Environment
Loopholes Remain as State’s Environmental Oversight Board OK’s Coal Ash Rules
Last month, the Alabama Department of Environmental Management levied fines of $250,000 on each of six power-generating facilities in the state for excessive groundwater contamination from their coal ash ponds.
On Friday, ADEM’s oversight board unanimously approved new rules that environmental advocacy groups say open “significant loopholes” in the regulations for disposal of coal ash.
The Southern Environmental Law Center contended in a statement that, under the new rules, ADEM could allow utilities to halt groundwater monitoring around coal ash disposal sites, although coal ash contains arsenic, lead, radium and many other toxic substances. ADEM also could decide that a utility doesn’t have to clean up the coal ash ponds in certain circumstances. And ADEM could shorten the length of time a utility must care for the ash after it is covered and closed, which now is 30 years.
Coal ash is regulated under a 2015 federal rule, but in December a change in law allowed states the option of developing their own permitting program so long as it is “as protective” as the federal rule.
Environmental Protection Agency Director Scott Pruitt has proposed alternative performance standards for owners and operators of coal ash ponds located in states that have approved permitting programs. That, he said, could save utilities up to $100 million in compliance costs. A public hearing on those proposals is scheduled for April 24 in Washington.
The Alabama Environmental Management Commission vote Friday was part of efforts to develop such a state permitting program.
Toxic Byproduct
Coal ash is a byproduct of burning coal to produce energy. The fines levied last month were in response to tests showing toxic substances had leached into the groundwater adjacent to the ponds where it is stored at six power plants, five of which belong to Alabama Power Co. Most ponds lie next to streams and rivers that Alabamians depend on for recreation and drinking water.

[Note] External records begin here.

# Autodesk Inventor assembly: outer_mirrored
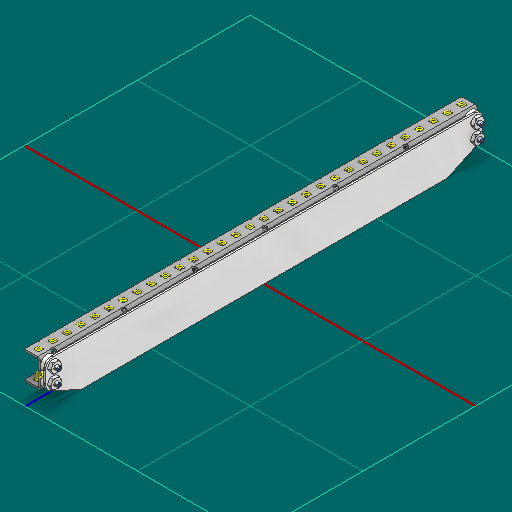
[picture p0: Inventor's stored thumbnail of the model, 512x512]
Saved by Autodesk Inventor 2025 (Build 290162000, 162)
## iProperties
Created: 2024-08-21
Part Number: outer_mirrored
Document SubType Name: Assembly
Designer: averey
Author: averey
## Documents named in this file (10)
- C:\Users\avere\vex_robotics_high_stakes\hardware\cad\bots\ENIGMA\chassis\drivetrain\drivebay_mirrored\outer_mirrored.iam
- C:\Users\avere\vex_robotics_high_stakes\hardware\cad\bots\ENIGMA\chassis\drivetrain\drivebay_mirrored\Alu C 1x2x1x31_mirrored.ipt
- C:\Users\avere\vex_robotics_high_stakes\hardware\cad\bots\ENIGMA\chassis\drivetrain\drivebay_mirrored\bearing_flat_w_hardware_mirrored.iam
- C:\Users\avere\vex_robotics_high_stakes\hardware\cad\VEX-CAD-Inventor\Motion\Spacers\Spacer Nylon .500 OD\NSpacer White .500 OD x .125.ipt
- C:\Users\avere\vex_robotics_high_stakes\hardware\cad\VEX-CAD-Inventor\Motion\Spacers\Spacer Nylon .500 OD.ipt
- C:\Users\avere\vex_robotics_high_stakes\hardware\cad\bots\ENIGMA\chassis\drivetrain\drivebay\custom_parts\skirt.ipt
- C:\Users\avere\vex_robotics_high_stakes\hardware\cad\VEX-CAD-Inventor\Structure\Hardware\Screw Shoulder Robosource\SScrew Shoulder Smooth .500 x .04.ipt
- C:\Users\avere\vex_robotics_high_stakes\hardware\cad\VEX-CAD-Inventor\Structure\Hardware\Screw Shoulder Robosource.ipt
- C:\Users\avere\vex_robotics_high_stakes\hardware\cad\VEX-CAD-Inventor\Structure\Hardware\Nut Nylon\Nut Nylon - White.ipt
- C:\Users\avere\vex_robotics_high_stakes\hardware\cad\VEX-CAD-Inventor\Structure\Hardware\Nut Nylon.ipt
## Components (23 placed, 6 different names)
1. Alu C 1x2x1x31_mirrored:1 — Mate:2, Mate:1, Mate:3, Insert:1, Insert:2, Insert:4
2. skirt:1 — Insert:3, Insert:5
3. bearing_flat_w_hardware_mirrored:1 [sub-assembly] — Mate:3, Insert:1
4. bearing_flat_w_hardware_mirrored:2 [sub-assembly]
5. bearing_flat_w_hardware_mirrored:3 [sub-assembly]
6. bearing_flat_w_hardware_mirrored:4 [sub-assembly]
7. bearing_flat_w_hardware_mirrored:5 [sub-assembly]
8. bearing_flat_w_hardware_mirrored:6 [sub-assembly]
9. bearing_flat_w_hardware_mirrored:7 [sub-assembly]
10. bearing_flat_w_hardware_mirrored:8 [sub-assembly]
11. bearing_flat_w_hardware_mirrored:9 [sub-assembly]
12. Nut Nylon - White:1 — Insert:5
13. SScrew Shoulder Smooth .500 x .04:1 — Insert:4
14. NSpacer White .500 OD x .125:1 — Insert:2, Insert:3
15. Nut Nylon - White:2
16. SScrew Shoulder Smooth .500 x .04:2
17. NSpacer White .500 OD x .125:2
18. Nut Nylon - White:3
19. SScrew Shoulder Smooth .500 x .04:3
20. NSpacer White .500 OD x .125:3
21. Nut Nylon - White:4
22. SScrew Shoulder Smooth .500 x .04:4
23. NSpacer White .500 OD x .125:4
## Component patterns: (9 elements, first: bearing_flat_w_hardware_mirrored:1), Hardware (4 elements)
## Relationships (8: Insert 5, Mate 3)
- Mate:2 (11.1125 mm): Alu C 1x2x1x31_mirrored:1
- Mate:1: Alu C 1x2x1x31_mirrored:1
- Mate:3: Alu C 1x2x1x31_mirrored:1 ↔ bearing_flat_w_hardware_mirrored:1
- Insert:1: Alu C 1x2x1x31_mirrored:1 ↔ bearing_flat_w_hardware_mirrored:1
- Insert:2: Alu C 1x2x1x31_mirrored:1 ↔ NSpacer White .500 OD x .125:1
- Insert:3: skirt:1 ↔ NSpacer White .500 OD x .125:1
- Insert:4: Alu C 1x2x1x31_mirrored:1 ↔ SScrew Shoulder Smooth .500 x .04:1
- Insert:5: skirt:1 ↔ Nut Nylon - White:1
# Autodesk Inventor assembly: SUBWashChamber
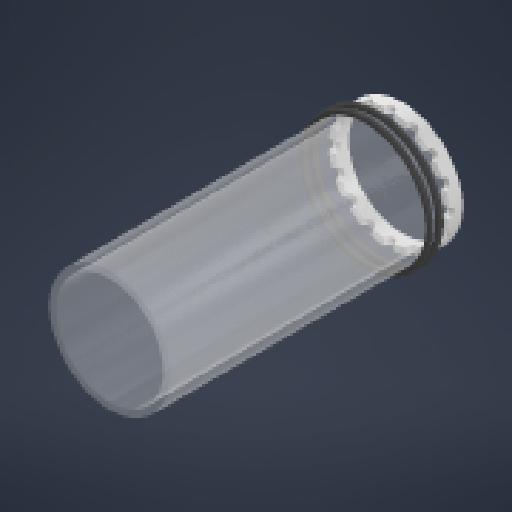
[picture p0: Inventor's stored thumbnail of the model, 512x512]
Saved by Autodesk Inventor 2024 (Build 280153000, 153)
## iProperties
Created: 2025-02-06
Part Number: SUBWashChamber
Document SubType Name: Assembly
Designer: Tommy Rohmann
Author: Tommy Rohmann
## Documents named in this file (6)
- C:\Users\Tommy Rohmann\OneDrive\Projects\Microgravity-Press-Washing-Machine\System Design and Documentation\Inventor Design Project\SUBWashChamber.iam
- C:\Users\Tommy Rohmann\OneDrive\Projects\Microgravity-Press-Washing-Machine\System Design and Documentation\Inventor Design Project\LAYOUT.ipt
- C:\Users\Tommy Rohmann\OneDrive\Projects\Microgravity-Press-Washing-Machine\System Design and Documentation\Inventor Design Project\WashChamber.ipt
- C:\Users\Tommy Rohmann\OneDrive\Projects\Microgravity-Press-Washing-Machine\System Design and Documentation\Inventor Design Project\ConduitStaticSeal.ipt
- C:\Users\Tommy Rohmann\OneDrive\Projects\Microgravity-Press-Washing-Machine\System Design and Documentation\Inventor Design Project\CastleSpacer.ipt
- C:\Users\Tommy Rohmann\OneDrive\Projects\Microgravity-Press-Washing-Machine\System Design and Documentation\Inventor Design Project\WashChamberConduit_1.ipt
## Components (6 placed, 5 different names)
1. LAYOUT:1
2. WashChamber:1 — Mate:6
3. ConduitStaticSeal:1
4. ConduitStaticSeal:2
5. CastleSpacer:1 — Mate:6
6. WashChamberConduit:1
## Relationships (4: Composite 3, Mate 1)
- [Composite]: LAYOUT:1 ↔ WashChamber:1
- [Composite]: LAYOUT:1 ↔ CastleSpacer:1
- Mate:6: WashChamber:1 ↔ CastleSpacer:1
- [Composite]: LAYOUT:1 ↔ WashChamberConduit:1
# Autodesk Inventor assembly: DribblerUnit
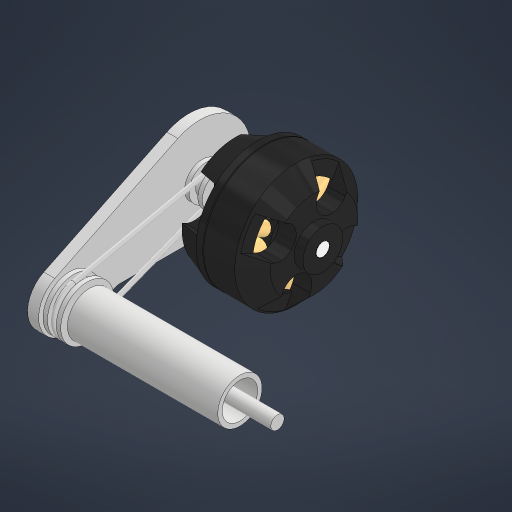
[picture p0: Inventor's stored thumbnail of the model, 512x512]
Saved by Autodesk Inventor 2024.2 (Build 282272000, 272)
## iProperties
Created: 2023-12-27
Part Number: DribblerUnit
Document SubType Name: Assembly
Designer: Hanaoka
Author: Hanaoka
## Documents named in this file (9)
- G:\共有ドライブ\reRo\05_個人\hanaoka\inventor\DribblerUnit\DribblerUnit.iam
- G:\共有ドライブ\reRo\05_個人\hanaoka\inventor\DribblerUnit\Gear_Cover.ipt
- G:\共有ドライブ\reRo\05_個人\hanaoka\inventor\DribblerUnit\Bearing_C-FL673ZZ.ipt
- G:\共有ドライブ\reRo\05_個人\hanaoka\inventor\DribblerUnit\Shaft.ipt
- G:\共有ドライブ\reRo\05_個人\hanaoka\inventor\DribblerUnit\tube.ipt
- G:\共有ドライブ\reRo\05_個人\hanaoka\inventor\DribblerUnit\C2822 1400KV BLDC v25\C2822 1400KV BLDC v25.ipt
- G:\共有ドライブ\reRo\05_個人\hanaoka\inventor\DribblerUnit\Pulley_S.ipt
- G:\共有ドライブ\reRo\05_個人\hanaoka\inventor\DribblerUnit\Pulley_L.ipt
- G:\共有ドライブ\reRo\05_個人\hanaoka\inventor\DribblerUnit\Belt.ipt
## Components (8 placed, 8 different names)
1. Gear_Cover:1 — 挿入:1, 挿入:2, 挿入:4, 挿入:5
2. Bearing_C-FL673ZZ:1 — 挿入:1
3. Shaft:1 — 挿入:2, 挿入:3, 挿入:6
4. tube:1 — 挿入:3
5. C2822 1400KV BLDC v25:1 — 挿入:4
6. Pulley_S:1 — 挿入:5, 正接:1
7. Pulley_L:1 — 挿入:6
8. Belt:1 — 正接:1
## Relationships (7: Insert 6, Tangent 1)
- 挿入:1 [Insert]: Gear_Cover:1 ↔ Bearing_C-FL673ZZ:1
- 挿入:2 [Insert]: Gear_Cover:1 ↔ Shaft:1
- 挿入:3 [Insert] (7.5 mm): Shaft:1 ↔ tube:1
- 挿入:4 [Insert] (8 mm): Gear_Cover:1 ↔ C2822 1400KV BLDC v25:1
- 挿入:5 [Insert] (0.5 mm): Gear_Cover:1 ↔ Pulley_S:1
- 挿入:6 [Insert] (3 mm): Shaft:1 ↔ Pulley_L:1
- 正接:1 [Tangent] (0.5 mm): Pulley_S:1 ↔ Belt:1
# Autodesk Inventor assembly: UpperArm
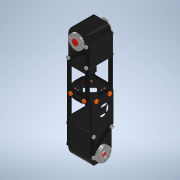
[picture p0: Inventor's stored thumbnail of the model, 180x180]
Saved by Autodesk Inventor 2020 (Build 240168000, 168)
## iProperties
Created: 2021-09-11
Part Number: UpperArm
Document SubType Name: Assembly
Designer: Masato
Mass: 132.402 g
Surface Area: 432.665 cm^2
Volume: 110.152 cm^3
Density: 1.20199 g/cm^3
Author: Masato
## Documents named in this file (9)
- C:\Users\MasatoKubotera\Documents\Inventor\SUSTAINA-OP\UpperBody\Arm\UpperArm.iam
- C:\Users\MasatoKubotera\Documents\Inventor\SUSTAINA-OP\UpperBody\Arm\UpperArm_side_frame.ipt
- C:\Users\MasatoKubotera\Documents\Inventor\SUSTAINA-OP\UpperBody\Arm\UpperArm_diagonal.ipt
- C:\Users\MasatoKubotera\Documents\Inventor\SUSTAINA-OP\ReadyMade\Screw\M2_6-15.ipt
- C:\Users\MasatoKubotera\Documents\Inventor\SUSTAINA-OP\ReadyMade\Screw\M2_6-20.ipt
- C:\Users\MasatoKubotera\Documents\Inventor\SUSTAINA-OP\ReadyMade\Screw\M3-6.ipt
- C:\Users\MasatoKubotera\Documents\Inventor\SUSTAINA-OP\ReadyMade\InsertNut\IRU-304S.ipt
- C:\Users\MasatoKubotera\Documents\Inventor\SUSTAINA-OP\ReadyMade\KONDO\B3M-SC-1040-A_with_ClampHorn_AND_FreeHorn.iam
- C:\Users\MasatoKubotera\Documents\Inventor\SUSTAINA-OP\UpperBody\Arm\UpperArm_side_frame_cloth.ipt
## Components (36 placed, 8 different names)
1. UpperArm_diagonal:1 — 挿入:1, 挿入:2, 挿入:3, 挿入:4, 挿入:5, 挿入:6, 挿入:7, 挿入:8, メイト:3, フラッシュ:1, フラッシュ:2, 挿入:64, 挿入:65, 挿入:66, 挿入:67, 挿入:68, 挿入:69, 挿入:70, 挿入:71
2. UpperArm_side_frame:1 — 挿入:1, 挿入:2, 挿入:32, 挿入:33, 挿入:34, 挿入:74, 挿入:75, 挿入:80, 挿入:84, 挿入:85
3. UpperArm_side_frame:2 — 挿入:3, 挿入:4, 挿入:11, 挿入:12, 挿入:38, 挿入:39, 挿入:40, 挿入:81, 挿入:82, 挿入:83
4. UpperArm_side_frame:3 — 挿入:8, 挿入:7, 挿入:14, 挿入:13, 挿入:35, 挿入:36, 挿入:37, 挿入:77, 挿入:78, 挿入:79
5. UpperArm_side_frame:4 — 挿入:6, 挿入:5, 挿入:15, 挿入:16, 挿入:29, 挿入:30, 挿入:31, 挿入:72, 挿入:73, 挿入:76
6. B3M-SC-1040-A_with_ClampHorn_AND_FreeHorn:1 [sub-assembly] — 挿入:72, 挿入:73, 挿入:76, 挿入:77, 挿入:78, 挿入:79
7. B3M-SC-1040-A_with_ClampHorn_AND_FreeHorn:2 [sub-assembly] — 挿入:74, 挿入:75, 挿入:80, 挿入:81, 挿入:82, 挿入:83
8. UpperArm_side_frame_cloth:1 — 挿入:84, 挿入:85, 挿入:86, 挿入:87
9. M2_6-20:6 — 挿入:40
10. M2_6-20:5 — 挿入:38
11. M2_6-20:4 — 挿入:39
12. M2_6-20:3 — 挿入:37
13. M2_6-20:2 — 挿入:36
14. M2_6-20:1 — 挿入:35
15. M2_6-15:6 — 挿入:34
16. M2_6-15:5 — 挿入:33
17. M2_6-15:4 — 挿入:32
18. M2_6-15:3 — 挿入:31
19. M2_6-15:2 — 挿入:30
20. M2_6-15:1 — 挿入:29
21. M3-6:8 — 挿入:16
22. M3-6:7 — 挿入:15
23. M3-6:6 — 挿入:14
24. M3-6:5 — 挿入:13
25. M3-6:4 — 挿入:12
26. M3-6:3 — 挿入:11
27. M3-6:2 — 挿入:87
28. M3-6:1 — 挿入:86
29. IRU-304S:8 — 挿入:71
30. IRU-304S:7 — 挿入:70
31. IRU-304S:6 — 挿入:69
32. IRU-304S:5 — 挿入:68
33. IRU-304S:4 — 挿入:67
34. IRU-304S:3 — 挿入:66
35. IRU-304S:2 — 挿入:65
36. IRU-304S:1 — 挿入:64
## Relationships (53: Insert 50, Flush 2, Mate 1)
- 挿入:1 [Insert]: UpperArm_diagonal:1 ↔ UpperArm_side_frame:1
- 挿入:2 [Insert]: UpperArm_diagonal:1 ↔ UpperArm_side_frame:1
- 挿入:3 [Insert]: UpperArm_diagonal:1 ↔ UpperArm_side_frame:2
- 挿入:4 [Insert]: UpperArm_diagonal:1 ↔ UpperArm_side_frame:2
- 挿入:5 [Insert]: UpperArm_diagonal:1 ↔ UpperArm_side_frame:4
- 挿入:6 [Insert]: UpperArm_diagonal:1 ↔ UpperArm_side_frame:4
- 挿入:7 [Insert]: UpperArm_diagonal:1 ↔ UpperArm_side_frame:3
- 挿入:8 [Insert]: UpperArm_diagonal:1 ↔ UpperArm_side_frame:3
- 挿入:11 [Insert]: UpperArm_side_frame:2 ↔ M3-6:3
- 挿入:12 [Insert]: UpperArm_side_frame:2 ↔ M3-6:4
- 挿入:13 [Insert]: UpperArm_side_frame:3 ↔ M3-6:5
- 挿入:14 [Insert]: UpperArm_side_frame:3 ↔ M3-6:6
- 挿入:15 [Insert]: UpperArm_side_frame:4 ↔ M3-6:7
- 挿入:16 [Insert]: UpperArm_side_frame:4 ↔ M3-6:8
- 挿入:29 [Insert]: UpperArm_side_frame:4 ↔ M2_6-15:1
- 挿入:30 [Insert]: UpperArm_side_frame:4 ↔ M2_6-15:2
- 挿入:31 [Insert]: UpperArm_side_frame:4 ↔ M2_6-15:3
- 挿入:32 [Insert]: UpperArm_side_frame:1 ↔ M2_6-15:4
- 挿入:33 [Insert]: UpperArm_side_frame:1 ↔ M2_6-15:5
- 挿入:35 [Insert]: UpperArm_side_frame:3 ↔ M2_6-20:1
- 挿入:34 [Insert]: UpperArm_side_frame:1 ↔ M2_6-15:6
- 挿入:36 [Insert]: UpperArm_side_frame:3 ↔ M2_6-20:2
- 挿入:37 [Insert]: UpperArm_side_frame:3 ↔ M2_6-20:3
- 挿入:38 [Insert]: UpperArm_side_frame:2 ↔ M2_6-20:5
- 挿入:39 [Insert]: UpperArm_side_frame:2 ↔ M2_6-20:4
- 挿入:40 [Insert]: UpperArm_side_frame:2 ↔ M2_6-20:6
- メイト:3 [Mate]: UpperArm_diagonal:1
- フラッシュ:1 [Flush]: UpperArm_diagonal:1
- フラッシュ:2 [Flush]: UpperArm_diagonal:1
- 挿入:64 [Insert]: UpperArm_diagonal:1 ↔ IRU-304S:1
- 挿入:65 [Insert]: UpperArm_diagonal:1 ↔ IRU-304S:2
- 挿入:66 [Insert]: UpperArm_diagonal:1 ↔ IRU-304S:3
- 挿入:67 [Insert]: UpperArm_diagonal:1 ↔ IRU-304S:4
- 挿入:68 [Insert]: UpperArm_diagonal:1 ↔ IRU-304S:5
- 挿入:69 [Insert]: UpperArm_diagonal:1 ↔ IRU-304S:6
- 挿入:70 [Insert]: UpperArm_diagonal:1 ↔ IRU-304S:7
- 挿入:71 [Insert]: UpperArm_diagonal:1 ↔ IRU-304S:8
- 挿入:72 [Insert]: UpperArm_side_frame:4 ↔ B3M-SC-1040-A_with_ClampHorn_AND_FreeHorn:1
- 挿入:73 [Insert]: UpperArm_side_frame:4 ↔ B3M-SC-1040-A_with_ClampHorn_AND_FreeHorn:1
- 挿入:74 [Insert]: UpperArm_side_frame:1 ↔ B3M-SC-1040-A_with_ClampHorn_AND_FreeHorn:2
- 挿入:75 [Insert]: UpperArm_side_frame:1 ↔ B3M-SC-1040-A_with_ClampHorn_AND_FreeHorn:2
- 挿入:76 [Insert]: UpperArm_side_frame:4 ↔ B3M-SC-1040-A_with_ClampHorn_AND_FreeHorn:1
- 挿入:77 [Insert]: UpperArm_side_frame:3 ↔ B3M-SC-1040-A_with_ClampHorn_AND_FreeHorn:1
- 挿入:78 [Insert]: UpperArm_side_frame:3 ↔ B3M-SC-1040-A_with_ClampHorn_AND_FreeHorn:1
- 挿入:79 [Insert]: UpperArm_side_frame:3 ↔ B3M-SC-1040-A_with_ClampHorn_AND_FreeHorn:1
- 挿入:80 [Insert]: UpperArm_side_frame:1 ↔ B3M-SC-1040-A_with_ClampHorn_AND_FreeHorn:2
- 挿入:81 [Insert]: UpperArm_side_frame:2 ↔ B3M-SC-1040-A_with_ClampHorn_AND_FreeHorn:2
- 挿入:82 [Insert]: UpperArm_side_frame:2 ↔ B3M-SC-1040-A_with_ClampHorn_AND_FreeHorn:2
- 挿入:83 [Insert]: UpperArm_side_frame:2 ↔ B3M-SC-1040-A_with_ClampHorn_AND_FreeHorn:2
- 挿入:84 [Insert]: UpperArm_side_frame:1 ↔ UpperArm_side_frame_cloth:1
- 挿入:85 [Insert]: UpperArm_side_frame:1 ↔ UpperArm_side_frame_cloth:1
- 挿入:86 [Insert]: UpperArm_side_frame_cloth:1 ↔ M3-6:1
- 挿入:87 [Insert]: UpperArm_side_frame_cloth:1 ↔ M3-6:2
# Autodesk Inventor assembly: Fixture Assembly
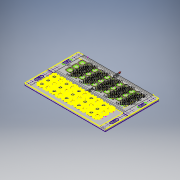
[picture p0: Inventor's stored thumbnail of the model, 180x180]
Saved by Autodesk Inventor 2016 (Build 200138000, 138)
## iProperties
Created: 2016-04-08
Part Number: Fixture Assembly
Document SubType Name: Assembly
Designer: Sam Clay
Author: Sam Clay
## Documents named in this file (7)
- Z:\enclosure\inventor\Fixture Assembly.iam
- Z:\enclosure\inventor\Fixture Base.ipt
- Z:\enclosure\inventor\Case Top.ipt
- Z:\enclosure\inventor\Case Bottom.ipt
- Z:\enclosure\inventor\Case Top Fixture.ipt
- Z:\enclosure\inventor\Case Bottom Fixture.ipt
- Z:\enclosure\inventor\Clamps\Desatco Clamp 205-S.iam
## Components (63 placed, 6 different names)
1. Fixture Base:1 — Planar:6, Mate:4, Mate:5, Bottom contour planar, Angle:1, Planar:12, Planar:13
2. Desatco Clamp 205-S:1 [sub-assembly] — Planar:12
3. Desatco Clamp 205-S:2 [sub-assembly] — Planar:13
4. Case Bottom:1 — Planar:6, Mate top pocket shell, Mate side pocket shell
5. Case Bottom:2
6. Case Bottom:3
7. Case Bottom:4
8. Case Bottom:5
9. Case Bottom:6
10. Case Bottom:7
11. Case Bottom:8
12. Case Bottom:9
13. Case Bottom:10
14. Case Bottom:11
15. Case Bottom:12
16. Case Bottom:13
17. Case Bottom:14
18. Case Bottom:15
19. Case Top:2 — Mate:4, Mate:5, Mate side pocket shell, Mate top pocket shell
20. Case Top:3
21. Case Top:4
22. Case Top:5
23. Case Top:6
24. Case Top:7
25. Case Top:8
26. Case Top:9
27. Case Top:10
28. Case Top:11
29. Case Top:12
30. Case Top:13
31. Case Top:14
32. Case Top:15
33. Case Top:16
34. Case Top Fixture:1 — Mate:8, Mate:9
35. Case Top Fixture:2
36. Case Top Fixture:3
37. Case Top Fixture:4
38. Case Top Fixture:5
39. Case Top Fixture:6
40. Case Top Fixture:7
41. Case Top Fixture:8
42. Case Top Fixture:9
43. Case Top Fixture:10
44. Case Top Fixture:11
45. Case Top Fixture:12
46. Case Top Fixture:13
47. Case Top Fixture:14
48. Case Top Fixture:15
49. Case Bottom Fixture:1 — Bottom contour planar, Angle:1, Mate:8, Mate:9
50. Case Bottom Fixture:2
51. Case Bottom Fixture:3
52. Case Bottom Fixture:4
53. Case Bottom Fixture:5
54. Case Bottom Fixture:6
55. Case Bottom Fixture:7
56. Case Bottom Fixture:8
57. Case Bottom Fixture:9
58. Case Bottom Fixture:10
59. Case Bottom Fixture:11
60. Case Bottom Fixture:12
61. Case Bottom Fixture:13
62. Case Bottom Fixture:14
63. Case Bottom Fixture:15
## Component patterns: (15 elements, first: Case Bottom:1), (15 elements, first: Case Top:2), (15 elements, first: Case Top Fixture:1), (15 elements, first: Case Bottom Fixture:1)
## Relationships (11: Mate 6, PlanarJoint 4, Angle 1)
- Planar:6: Fixture Base:1 ↔ Case Bottom:1
- Mate:4 (2.54 mm): Fixture Base:1 ↔ Case Top:2
- Mate:5 (6.604 mm): Fixture Base:1 ↔ Case Top:2
- Mate top pocket shell: Case Bottom:1 ↔ Case Top:2
- Mate side pocket shell (6.604 mm): Case Bottom:1 ↔ Case Top:2
- Bottom contour planar [PlanarJoint] (16.51 mm): Fixture Base:1 ↔ Case Bottom Fixture:1
- Angle:1 (0 deg): Fixture Base:1 ↔ Case Bottom Fixture:1
- Mate:8 (6.604 mm): Case Top Fixture:1 ↔ Case Bottom Fixture:1
- Mate:9: Case Top Fixture:1 ↔ Case Bottom Fixture:1
- Planar:12: Fixture Base:1 ↔ Desatco Clamp 205-S:1
- Planar:13: Fixture Base:1 ↔ Desatco Clamp 205-S:2

Alabama Power last year announced plans to close and cover all its remaining coal ash pits, which do not have a bottom liner to keep the residue away from groundwater. In March the company said it supported the federal regulations in place at the time. Friday, it issued a statement in support of a state program. It also said it remains “committed to meeting or doing better than all environmental standards set by regulations, as the company has done for decades.”
Environmental organizations submitted numerous comments objecting to ADEM’s draft rules during a public comment period that ended in March.
Immediately before the vote Friday, Lee McCarty, mayor of Wilsonville, made an impassioned plea for the commission to make the rules more stringent, noting that Alabama Power’s Gaston Plant near his town reported high levels of contaminants he feared endanger the area’s drinking water. The level of radium was 2,000 percent of the maximum level allowed, he said.
“How will a fine of $250,000 clean up the groundwater?” McCarty asked. “What does that accomplish? How does that clean up my groundwater? How does it provide for the health, safety and welfare of my constituents and yours? We’re not solving a problem, we’re monitoring it.”
His solution: move the coal ash. “That’s the only thing we can do to clean this thing up.”
Lance LeFleur, ADEM director said $250,000 was the maximum allowable fine.
The law center’s statement said the new rules “failed to require utilities to close coal ash ponds and excavate the ash to dry, lined landfills” even if the coal ash is literally sitting in groundwater.
Keith Johnston, managing attorney for the law center, said Friday, “These rules seek to further roll back and weaken federal coal ash protections.”
Johnston added, “Rather than extending essential protections to Alabama’s waters and the communities that depend on them, signing off on significant loopholes in our state coal ash storage and disposal rules basically amounts to a permitting program that favors utilities and requires them to do less.”
Coal ash can be stored in landfills under the new rules because it is not classified as hazardous waste. ADEM issues permits if the landfill is properly designed, constructed and operated “to be protective of human health and the environment, but the location of the site is a local decision,” LeFleur said in remarks to the commission Friday.
Another regulation passed Friday will implement a recently passed state law that provides that the local officials’ approval of a landfill’s location must receive circuit court confirmation before application for a landfill permit can be submitted to ADEM.